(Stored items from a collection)
Content starts

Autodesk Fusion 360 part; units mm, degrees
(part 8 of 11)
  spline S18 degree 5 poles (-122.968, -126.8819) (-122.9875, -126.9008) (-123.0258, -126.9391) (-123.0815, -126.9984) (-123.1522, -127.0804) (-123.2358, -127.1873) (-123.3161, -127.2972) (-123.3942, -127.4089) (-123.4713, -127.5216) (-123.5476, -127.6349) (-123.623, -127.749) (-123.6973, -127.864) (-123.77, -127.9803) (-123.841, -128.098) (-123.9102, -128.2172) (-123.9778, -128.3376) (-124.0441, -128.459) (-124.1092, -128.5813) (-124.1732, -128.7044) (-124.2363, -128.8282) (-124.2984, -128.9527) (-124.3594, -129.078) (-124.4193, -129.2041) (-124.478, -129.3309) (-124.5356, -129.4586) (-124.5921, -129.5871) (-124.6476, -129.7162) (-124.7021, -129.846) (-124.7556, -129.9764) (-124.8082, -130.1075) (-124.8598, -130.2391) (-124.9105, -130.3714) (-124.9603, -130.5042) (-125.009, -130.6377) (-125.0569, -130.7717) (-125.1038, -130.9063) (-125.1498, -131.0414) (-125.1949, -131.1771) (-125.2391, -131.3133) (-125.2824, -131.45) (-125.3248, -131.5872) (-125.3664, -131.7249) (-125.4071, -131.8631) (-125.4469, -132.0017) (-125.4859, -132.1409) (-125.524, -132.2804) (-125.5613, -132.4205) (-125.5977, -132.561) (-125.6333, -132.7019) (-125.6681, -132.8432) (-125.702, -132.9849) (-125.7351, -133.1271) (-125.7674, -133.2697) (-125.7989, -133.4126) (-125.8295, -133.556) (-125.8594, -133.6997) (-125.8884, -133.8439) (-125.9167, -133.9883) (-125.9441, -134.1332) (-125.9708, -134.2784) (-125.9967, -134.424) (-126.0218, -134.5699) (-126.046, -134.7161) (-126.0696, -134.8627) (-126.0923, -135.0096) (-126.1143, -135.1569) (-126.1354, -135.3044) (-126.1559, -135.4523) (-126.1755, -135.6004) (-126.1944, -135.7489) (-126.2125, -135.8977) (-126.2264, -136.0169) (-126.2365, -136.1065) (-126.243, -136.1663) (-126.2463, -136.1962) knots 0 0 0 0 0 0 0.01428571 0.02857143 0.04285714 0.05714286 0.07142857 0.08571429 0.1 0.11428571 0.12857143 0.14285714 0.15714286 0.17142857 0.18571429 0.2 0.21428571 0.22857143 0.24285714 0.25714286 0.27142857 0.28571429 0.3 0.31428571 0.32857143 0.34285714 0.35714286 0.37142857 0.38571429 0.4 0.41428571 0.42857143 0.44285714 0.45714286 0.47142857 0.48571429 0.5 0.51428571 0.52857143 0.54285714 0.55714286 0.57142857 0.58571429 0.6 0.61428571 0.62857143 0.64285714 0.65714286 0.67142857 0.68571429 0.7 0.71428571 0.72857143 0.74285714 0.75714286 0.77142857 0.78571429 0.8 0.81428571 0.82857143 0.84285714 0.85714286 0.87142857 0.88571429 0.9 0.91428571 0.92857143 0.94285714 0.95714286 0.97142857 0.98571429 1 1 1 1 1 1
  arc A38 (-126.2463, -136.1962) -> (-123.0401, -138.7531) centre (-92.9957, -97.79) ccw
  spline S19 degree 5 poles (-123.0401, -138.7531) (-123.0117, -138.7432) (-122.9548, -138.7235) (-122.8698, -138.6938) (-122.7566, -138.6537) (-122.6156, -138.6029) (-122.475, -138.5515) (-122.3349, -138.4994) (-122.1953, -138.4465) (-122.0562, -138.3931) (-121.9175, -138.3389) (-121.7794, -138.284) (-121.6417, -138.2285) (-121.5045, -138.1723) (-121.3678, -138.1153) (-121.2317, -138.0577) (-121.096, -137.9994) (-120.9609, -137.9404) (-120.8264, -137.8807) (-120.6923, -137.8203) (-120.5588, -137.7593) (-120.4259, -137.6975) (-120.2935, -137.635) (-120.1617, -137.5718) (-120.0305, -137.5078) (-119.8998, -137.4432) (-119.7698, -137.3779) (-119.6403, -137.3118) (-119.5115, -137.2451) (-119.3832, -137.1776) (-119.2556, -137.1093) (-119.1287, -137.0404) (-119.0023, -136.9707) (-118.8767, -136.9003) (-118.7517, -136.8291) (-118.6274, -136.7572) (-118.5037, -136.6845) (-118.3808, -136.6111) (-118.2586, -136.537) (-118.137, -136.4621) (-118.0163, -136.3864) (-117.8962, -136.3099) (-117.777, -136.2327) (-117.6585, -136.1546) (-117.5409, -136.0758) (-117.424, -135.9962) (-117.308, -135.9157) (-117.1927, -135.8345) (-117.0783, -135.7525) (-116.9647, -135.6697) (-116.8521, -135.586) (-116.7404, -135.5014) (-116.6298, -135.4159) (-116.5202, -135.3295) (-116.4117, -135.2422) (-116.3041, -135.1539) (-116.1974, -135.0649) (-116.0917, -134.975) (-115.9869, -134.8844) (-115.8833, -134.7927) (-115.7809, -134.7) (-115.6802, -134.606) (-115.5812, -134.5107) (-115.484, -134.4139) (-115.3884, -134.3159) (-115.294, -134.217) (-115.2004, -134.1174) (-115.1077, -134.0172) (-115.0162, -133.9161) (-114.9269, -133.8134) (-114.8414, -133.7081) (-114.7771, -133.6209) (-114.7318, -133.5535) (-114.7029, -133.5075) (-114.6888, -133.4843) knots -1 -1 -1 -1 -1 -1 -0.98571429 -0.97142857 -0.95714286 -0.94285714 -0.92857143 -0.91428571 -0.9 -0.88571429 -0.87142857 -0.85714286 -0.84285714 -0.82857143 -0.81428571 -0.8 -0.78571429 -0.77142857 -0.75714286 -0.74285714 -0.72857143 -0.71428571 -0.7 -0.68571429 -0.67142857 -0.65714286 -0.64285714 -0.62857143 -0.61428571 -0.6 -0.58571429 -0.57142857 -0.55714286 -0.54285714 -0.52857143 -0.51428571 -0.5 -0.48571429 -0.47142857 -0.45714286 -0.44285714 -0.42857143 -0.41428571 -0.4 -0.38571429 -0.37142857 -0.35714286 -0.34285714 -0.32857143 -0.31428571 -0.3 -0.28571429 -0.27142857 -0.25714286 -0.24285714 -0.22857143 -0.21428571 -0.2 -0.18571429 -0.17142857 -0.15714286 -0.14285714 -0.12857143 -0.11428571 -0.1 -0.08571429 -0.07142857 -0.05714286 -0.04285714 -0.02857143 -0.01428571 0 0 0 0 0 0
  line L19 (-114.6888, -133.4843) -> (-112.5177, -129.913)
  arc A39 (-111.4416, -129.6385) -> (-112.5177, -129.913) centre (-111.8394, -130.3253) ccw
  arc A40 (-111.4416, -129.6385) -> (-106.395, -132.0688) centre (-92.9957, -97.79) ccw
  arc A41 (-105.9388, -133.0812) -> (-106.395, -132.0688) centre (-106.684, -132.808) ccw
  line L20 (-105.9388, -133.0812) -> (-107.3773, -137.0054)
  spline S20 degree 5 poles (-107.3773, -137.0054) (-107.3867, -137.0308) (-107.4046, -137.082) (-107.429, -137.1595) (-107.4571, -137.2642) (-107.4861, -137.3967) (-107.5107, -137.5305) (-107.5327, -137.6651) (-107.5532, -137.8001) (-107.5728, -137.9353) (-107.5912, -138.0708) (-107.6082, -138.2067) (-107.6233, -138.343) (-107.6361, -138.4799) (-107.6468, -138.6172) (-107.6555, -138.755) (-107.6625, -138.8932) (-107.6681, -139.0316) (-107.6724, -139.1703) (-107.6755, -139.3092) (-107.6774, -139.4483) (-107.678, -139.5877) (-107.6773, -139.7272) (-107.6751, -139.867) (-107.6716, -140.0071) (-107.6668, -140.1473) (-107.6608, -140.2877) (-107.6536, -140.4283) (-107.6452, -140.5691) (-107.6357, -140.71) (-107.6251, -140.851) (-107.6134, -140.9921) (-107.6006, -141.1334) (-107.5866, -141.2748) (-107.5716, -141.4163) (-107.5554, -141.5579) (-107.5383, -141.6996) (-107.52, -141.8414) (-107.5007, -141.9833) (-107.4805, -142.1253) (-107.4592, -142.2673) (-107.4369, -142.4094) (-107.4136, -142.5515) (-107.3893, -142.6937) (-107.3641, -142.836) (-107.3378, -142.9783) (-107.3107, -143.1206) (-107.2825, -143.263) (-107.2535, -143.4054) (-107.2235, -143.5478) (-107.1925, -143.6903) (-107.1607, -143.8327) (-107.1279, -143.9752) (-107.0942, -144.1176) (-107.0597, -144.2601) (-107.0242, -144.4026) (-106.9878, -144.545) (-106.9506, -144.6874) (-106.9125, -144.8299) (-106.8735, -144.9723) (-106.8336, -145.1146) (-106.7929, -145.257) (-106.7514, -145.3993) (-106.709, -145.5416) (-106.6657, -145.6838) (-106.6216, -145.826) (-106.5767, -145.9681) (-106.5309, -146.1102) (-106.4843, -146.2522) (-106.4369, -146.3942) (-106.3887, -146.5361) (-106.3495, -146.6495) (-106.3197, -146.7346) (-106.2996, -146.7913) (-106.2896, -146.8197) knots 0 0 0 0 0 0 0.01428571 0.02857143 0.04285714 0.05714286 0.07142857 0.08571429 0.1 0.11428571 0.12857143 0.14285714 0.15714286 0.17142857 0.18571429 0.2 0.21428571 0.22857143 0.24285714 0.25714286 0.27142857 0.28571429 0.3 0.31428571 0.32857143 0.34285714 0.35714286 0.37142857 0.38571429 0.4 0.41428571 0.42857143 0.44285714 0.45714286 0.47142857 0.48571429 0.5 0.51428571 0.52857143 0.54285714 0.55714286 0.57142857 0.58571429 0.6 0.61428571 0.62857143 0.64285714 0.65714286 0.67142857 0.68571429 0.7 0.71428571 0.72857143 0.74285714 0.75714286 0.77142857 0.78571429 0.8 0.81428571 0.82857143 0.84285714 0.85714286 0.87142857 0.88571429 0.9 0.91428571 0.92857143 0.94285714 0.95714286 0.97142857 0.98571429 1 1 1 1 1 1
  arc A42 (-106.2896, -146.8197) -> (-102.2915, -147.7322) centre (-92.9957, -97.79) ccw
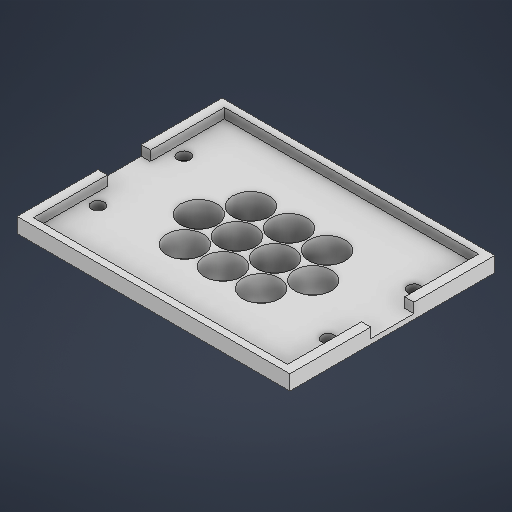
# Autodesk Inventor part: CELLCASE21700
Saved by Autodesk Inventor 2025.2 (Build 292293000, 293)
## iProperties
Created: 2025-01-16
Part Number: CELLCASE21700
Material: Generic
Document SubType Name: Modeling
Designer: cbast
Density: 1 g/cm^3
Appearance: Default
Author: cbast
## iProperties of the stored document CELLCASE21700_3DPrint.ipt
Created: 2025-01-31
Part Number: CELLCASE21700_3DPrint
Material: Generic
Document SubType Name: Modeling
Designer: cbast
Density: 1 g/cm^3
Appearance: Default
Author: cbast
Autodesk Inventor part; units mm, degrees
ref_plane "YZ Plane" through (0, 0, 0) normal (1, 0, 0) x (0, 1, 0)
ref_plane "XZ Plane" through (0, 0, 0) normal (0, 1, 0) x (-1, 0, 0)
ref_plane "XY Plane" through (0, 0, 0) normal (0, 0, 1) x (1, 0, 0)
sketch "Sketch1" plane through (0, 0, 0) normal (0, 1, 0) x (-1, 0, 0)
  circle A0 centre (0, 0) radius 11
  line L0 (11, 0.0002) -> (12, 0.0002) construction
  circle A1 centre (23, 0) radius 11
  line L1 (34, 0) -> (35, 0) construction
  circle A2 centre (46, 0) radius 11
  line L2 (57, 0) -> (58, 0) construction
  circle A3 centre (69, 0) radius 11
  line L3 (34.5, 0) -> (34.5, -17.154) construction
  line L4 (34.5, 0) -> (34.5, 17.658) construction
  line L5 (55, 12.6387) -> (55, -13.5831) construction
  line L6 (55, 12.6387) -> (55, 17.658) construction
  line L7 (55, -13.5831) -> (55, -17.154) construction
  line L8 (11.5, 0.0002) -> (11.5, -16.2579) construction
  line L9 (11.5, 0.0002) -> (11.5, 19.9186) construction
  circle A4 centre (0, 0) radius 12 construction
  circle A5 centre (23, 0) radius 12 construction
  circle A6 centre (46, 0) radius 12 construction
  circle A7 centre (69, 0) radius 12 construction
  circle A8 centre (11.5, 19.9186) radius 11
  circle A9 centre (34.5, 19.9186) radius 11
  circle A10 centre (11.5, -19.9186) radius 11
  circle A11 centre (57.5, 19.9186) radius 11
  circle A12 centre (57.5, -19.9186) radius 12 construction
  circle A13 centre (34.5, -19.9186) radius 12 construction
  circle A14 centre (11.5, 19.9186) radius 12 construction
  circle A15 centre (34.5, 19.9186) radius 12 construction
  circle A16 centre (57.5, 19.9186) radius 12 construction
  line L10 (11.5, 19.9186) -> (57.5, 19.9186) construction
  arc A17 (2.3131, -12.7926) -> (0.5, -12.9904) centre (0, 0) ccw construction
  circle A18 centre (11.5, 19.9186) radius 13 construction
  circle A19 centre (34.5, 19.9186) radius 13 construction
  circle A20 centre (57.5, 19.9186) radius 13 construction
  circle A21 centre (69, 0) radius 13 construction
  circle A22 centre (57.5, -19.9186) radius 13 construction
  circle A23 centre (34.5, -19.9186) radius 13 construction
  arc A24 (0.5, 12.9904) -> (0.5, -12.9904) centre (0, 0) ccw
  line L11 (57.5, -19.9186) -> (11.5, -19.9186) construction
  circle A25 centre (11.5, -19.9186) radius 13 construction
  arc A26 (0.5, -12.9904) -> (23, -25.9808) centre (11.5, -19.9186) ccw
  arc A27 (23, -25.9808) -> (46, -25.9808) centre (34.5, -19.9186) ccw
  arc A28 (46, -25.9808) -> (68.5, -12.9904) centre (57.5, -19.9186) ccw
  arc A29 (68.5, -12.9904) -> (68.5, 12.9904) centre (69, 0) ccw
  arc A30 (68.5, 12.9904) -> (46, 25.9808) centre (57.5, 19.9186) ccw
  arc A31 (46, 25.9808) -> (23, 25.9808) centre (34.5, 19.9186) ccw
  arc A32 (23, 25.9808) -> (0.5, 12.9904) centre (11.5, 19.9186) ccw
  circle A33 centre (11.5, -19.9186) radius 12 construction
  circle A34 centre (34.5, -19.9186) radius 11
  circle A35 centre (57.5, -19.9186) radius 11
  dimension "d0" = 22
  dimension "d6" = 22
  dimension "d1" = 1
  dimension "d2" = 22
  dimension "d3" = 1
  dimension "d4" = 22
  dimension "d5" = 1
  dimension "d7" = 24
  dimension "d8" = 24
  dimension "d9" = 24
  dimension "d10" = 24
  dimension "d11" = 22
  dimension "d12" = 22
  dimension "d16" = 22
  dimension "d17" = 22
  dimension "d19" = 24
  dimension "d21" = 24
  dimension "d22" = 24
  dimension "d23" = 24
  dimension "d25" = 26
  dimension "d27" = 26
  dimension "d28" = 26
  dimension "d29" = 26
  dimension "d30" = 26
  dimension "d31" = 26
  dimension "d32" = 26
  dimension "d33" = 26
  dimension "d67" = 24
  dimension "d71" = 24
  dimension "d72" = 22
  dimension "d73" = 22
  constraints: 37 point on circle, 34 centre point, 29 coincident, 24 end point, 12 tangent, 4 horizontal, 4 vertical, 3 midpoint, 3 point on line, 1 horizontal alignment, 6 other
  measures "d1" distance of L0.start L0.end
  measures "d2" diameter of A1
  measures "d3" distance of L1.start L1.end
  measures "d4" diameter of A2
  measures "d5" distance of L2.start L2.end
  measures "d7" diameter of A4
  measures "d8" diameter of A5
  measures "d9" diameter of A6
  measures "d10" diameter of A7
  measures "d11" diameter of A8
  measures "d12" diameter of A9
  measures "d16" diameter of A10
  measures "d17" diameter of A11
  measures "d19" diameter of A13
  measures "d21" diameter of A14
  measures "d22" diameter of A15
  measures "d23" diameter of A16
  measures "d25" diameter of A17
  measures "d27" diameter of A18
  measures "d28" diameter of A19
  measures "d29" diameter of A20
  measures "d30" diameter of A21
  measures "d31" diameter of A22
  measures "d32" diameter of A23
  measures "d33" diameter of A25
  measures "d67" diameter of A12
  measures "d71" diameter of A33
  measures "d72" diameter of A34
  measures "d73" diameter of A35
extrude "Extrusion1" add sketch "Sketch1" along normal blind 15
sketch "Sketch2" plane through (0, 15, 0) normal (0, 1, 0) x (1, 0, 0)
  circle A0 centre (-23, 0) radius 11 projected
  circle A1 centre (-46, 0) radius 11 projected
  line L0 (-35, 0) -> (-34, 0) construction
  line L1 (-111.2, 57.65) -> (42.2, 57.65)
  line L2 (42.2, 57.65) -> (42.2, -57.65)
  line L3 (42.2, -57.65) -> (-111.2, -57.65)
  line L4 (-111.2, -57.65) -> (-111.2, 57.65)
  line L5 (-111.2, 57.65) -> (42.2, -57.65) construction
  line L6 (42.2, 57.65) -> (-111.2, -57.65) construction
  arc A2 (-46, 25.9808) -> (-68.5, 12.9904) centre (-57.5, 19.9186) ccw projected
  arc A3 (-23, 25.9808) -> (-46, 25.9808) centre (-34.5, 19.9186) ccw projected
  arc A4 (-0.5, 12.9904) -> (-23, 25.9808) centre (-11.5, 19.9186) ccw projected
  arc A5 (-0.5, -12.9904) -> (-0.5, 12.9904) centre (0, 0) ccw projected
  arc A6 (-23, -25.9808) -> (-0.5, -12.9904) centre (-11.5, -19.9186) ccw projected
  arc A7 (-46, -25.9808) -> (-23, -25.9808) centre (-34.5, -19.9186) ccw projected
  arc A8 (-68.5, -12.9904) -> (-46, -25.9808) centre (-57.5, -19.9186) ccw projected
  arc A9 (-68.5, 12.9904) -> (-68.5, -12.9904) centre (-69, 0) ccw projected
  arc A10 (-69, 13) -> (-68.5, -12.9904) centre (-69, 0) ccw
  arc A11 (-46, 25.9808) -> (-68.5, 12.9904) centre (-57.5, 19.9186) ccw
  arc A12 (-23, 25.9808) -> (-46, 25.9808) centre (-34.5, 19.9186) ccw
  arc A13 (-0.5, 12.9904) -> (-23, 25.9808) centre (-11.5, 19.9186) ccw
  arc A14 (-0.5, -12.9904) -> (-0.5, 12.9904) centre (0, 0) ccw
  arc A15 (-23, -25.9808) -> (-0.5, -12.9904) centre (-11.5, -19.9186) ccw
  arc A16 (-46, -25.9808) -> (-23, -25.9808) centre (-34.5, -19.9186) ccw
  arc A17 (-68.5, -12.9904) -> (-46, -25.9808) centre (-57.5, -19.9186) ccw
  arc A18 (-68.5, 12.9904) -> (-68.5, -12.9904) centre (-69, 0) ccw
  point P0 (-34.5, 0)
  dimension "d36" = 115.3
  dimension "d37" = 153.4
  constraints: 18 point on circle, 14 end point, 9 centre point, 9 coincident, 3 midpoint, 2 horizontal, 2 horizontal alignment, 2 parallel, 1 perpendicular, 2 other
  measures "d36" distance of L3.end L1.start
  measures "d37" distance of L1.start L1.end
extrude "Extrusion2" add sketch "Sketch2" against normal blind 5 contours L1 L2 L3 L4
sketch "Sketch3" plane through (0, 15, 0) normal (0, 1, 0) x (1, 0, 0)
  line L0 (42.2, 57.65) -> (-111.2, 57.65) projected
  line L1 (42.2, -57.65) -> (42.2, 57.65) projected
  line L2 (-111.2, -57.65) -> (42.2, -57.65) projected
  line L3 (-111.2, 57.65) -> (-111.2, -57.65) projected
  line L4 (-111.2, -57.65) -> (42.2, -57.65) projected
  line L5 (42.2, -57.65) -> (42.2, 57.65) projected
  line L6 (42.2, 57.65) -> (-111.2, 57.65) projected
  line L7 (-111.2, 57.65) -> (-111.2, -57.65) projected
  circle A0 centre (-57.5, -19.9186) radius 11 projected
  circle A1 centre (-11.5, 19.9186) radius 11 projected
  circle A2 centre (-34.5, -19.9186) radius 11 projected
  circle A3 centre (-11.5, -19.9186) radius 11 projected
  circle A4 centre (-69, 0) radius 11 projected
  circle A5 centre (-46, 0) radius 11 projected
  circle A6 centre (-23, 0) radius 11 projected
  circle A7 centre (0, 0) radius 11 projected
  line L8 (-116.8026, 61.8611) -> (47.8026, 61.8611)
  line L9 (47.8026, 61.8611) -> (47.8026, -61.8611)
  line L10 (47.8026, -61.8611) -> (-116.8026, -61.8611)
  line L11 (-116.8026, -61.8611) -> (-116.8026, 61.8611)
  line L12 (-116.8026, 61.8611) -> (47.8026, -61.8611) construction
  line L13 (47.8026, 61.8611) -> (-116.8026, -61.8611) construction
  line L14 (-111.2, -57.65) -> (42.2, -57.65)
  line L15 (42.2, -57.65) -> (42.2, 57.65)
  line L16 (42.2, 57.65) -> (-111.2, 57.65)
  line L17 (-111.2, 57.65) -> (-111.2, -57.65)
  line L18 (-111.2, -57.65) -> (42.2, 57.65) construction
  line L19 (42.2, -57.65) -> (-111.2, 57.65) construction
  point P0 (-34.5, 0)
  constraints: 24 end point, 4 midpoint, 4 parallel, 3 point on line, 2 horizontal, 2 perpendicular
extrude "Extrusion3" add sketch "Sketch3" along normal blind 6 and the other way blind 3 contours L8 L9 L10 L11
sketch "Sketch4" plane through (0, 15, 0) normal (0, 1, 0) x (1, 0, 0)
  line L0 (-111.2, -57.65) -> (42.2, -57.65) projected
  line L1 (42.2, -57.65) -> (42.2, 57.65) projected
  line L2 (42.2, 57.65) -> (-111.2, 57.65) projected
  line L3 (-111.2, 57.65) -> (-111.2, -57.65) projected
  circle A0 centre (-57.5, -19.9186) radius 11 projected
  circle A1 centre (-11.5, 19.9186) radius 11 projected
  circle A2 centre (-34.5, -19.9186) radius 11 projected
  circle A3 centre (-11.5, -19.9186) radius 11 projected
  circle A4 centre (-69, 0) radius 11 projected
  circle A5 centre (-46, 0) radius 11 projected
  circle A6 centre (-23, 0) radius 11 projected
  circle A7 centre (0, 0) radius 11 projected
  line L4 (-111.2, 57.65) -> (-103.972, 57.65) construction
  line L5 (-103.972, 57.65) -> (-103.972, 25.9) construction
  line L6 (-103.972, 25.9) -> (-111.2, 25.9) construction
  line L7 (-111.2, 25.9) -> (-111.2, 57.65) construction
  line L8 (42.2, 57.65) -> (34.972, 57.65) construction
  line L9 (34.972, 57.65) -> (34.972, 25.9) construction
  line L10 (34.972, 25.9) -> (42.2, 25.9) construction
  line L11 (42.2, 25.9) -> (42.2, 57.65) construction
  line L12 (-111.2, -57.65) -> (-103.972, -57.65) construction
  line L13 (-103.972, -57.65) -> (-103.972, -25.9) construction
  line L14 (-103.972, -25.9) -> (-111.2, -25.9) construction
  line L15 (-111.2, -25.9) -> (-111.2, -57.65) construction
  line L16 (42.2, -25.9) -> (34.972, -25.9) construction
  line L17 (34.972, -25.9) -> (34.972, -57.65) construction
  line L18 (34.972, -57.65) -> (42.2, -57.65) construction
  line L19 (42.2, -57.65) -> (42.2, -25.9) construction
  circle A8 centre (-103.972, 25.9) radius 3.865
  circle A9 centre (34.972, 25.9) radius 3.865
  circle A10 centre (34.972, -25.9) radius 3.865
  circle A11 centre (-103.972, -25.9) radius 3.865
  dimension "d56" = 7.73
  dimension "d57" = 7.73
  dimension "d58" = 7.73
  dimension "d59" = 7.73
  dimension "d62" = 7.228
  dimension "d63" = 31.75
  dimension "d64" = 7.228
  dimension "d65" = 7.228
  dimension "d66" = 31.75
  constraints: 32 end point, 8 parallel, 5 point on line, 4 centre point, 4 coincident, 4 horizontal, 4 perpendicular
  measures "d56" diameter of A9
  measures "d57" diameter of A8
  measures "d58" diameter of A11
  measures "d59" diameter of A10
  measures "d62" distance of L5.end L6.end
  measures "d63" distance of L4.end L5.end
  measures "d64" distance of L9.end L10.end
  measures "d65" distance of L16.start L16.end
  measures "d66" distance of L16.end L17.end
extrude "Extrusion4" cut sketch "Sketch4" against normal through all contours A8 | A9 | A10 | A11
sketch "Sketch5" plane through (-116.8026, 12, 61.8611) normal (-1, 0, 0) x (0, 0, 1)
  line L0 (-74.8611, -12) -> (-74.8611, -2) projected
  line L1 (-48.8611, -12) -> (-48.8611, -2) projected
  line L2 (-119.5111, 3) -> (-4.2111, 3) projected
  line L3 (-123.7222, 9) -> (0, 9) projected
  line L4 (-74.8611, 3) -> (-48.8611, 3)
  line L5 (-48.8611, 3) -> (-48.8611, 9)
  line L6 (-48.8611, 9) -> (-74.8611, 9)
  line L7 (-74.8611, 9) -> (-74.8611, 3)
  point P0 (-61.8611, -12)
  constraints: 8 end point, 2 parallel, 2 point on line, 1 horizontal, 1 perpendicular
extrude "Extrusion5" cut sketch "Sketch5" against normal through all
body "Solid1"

Content ends

From the entries above, write out only the lines starting at the line that holds "line L19 (-114.6888, -133.4843)" and ending at the line that holds "arc A40 (-111.4416, -129.6385)", keeping both and matching them exactly.

COMPLETED EXERCISE:
  line L19 (-114.6888, -133.4843) -> (-112.5177, -129.913)
  arc A39 (-111.4416, -129.6385) -> (-112.5177, -129.913) centre (-111.8394, -130.3253) ccw
  arc A40 (-111.4416, -129.6385) -> (-106.395, -132.0688) centre (-92.9957, -97.79) ccw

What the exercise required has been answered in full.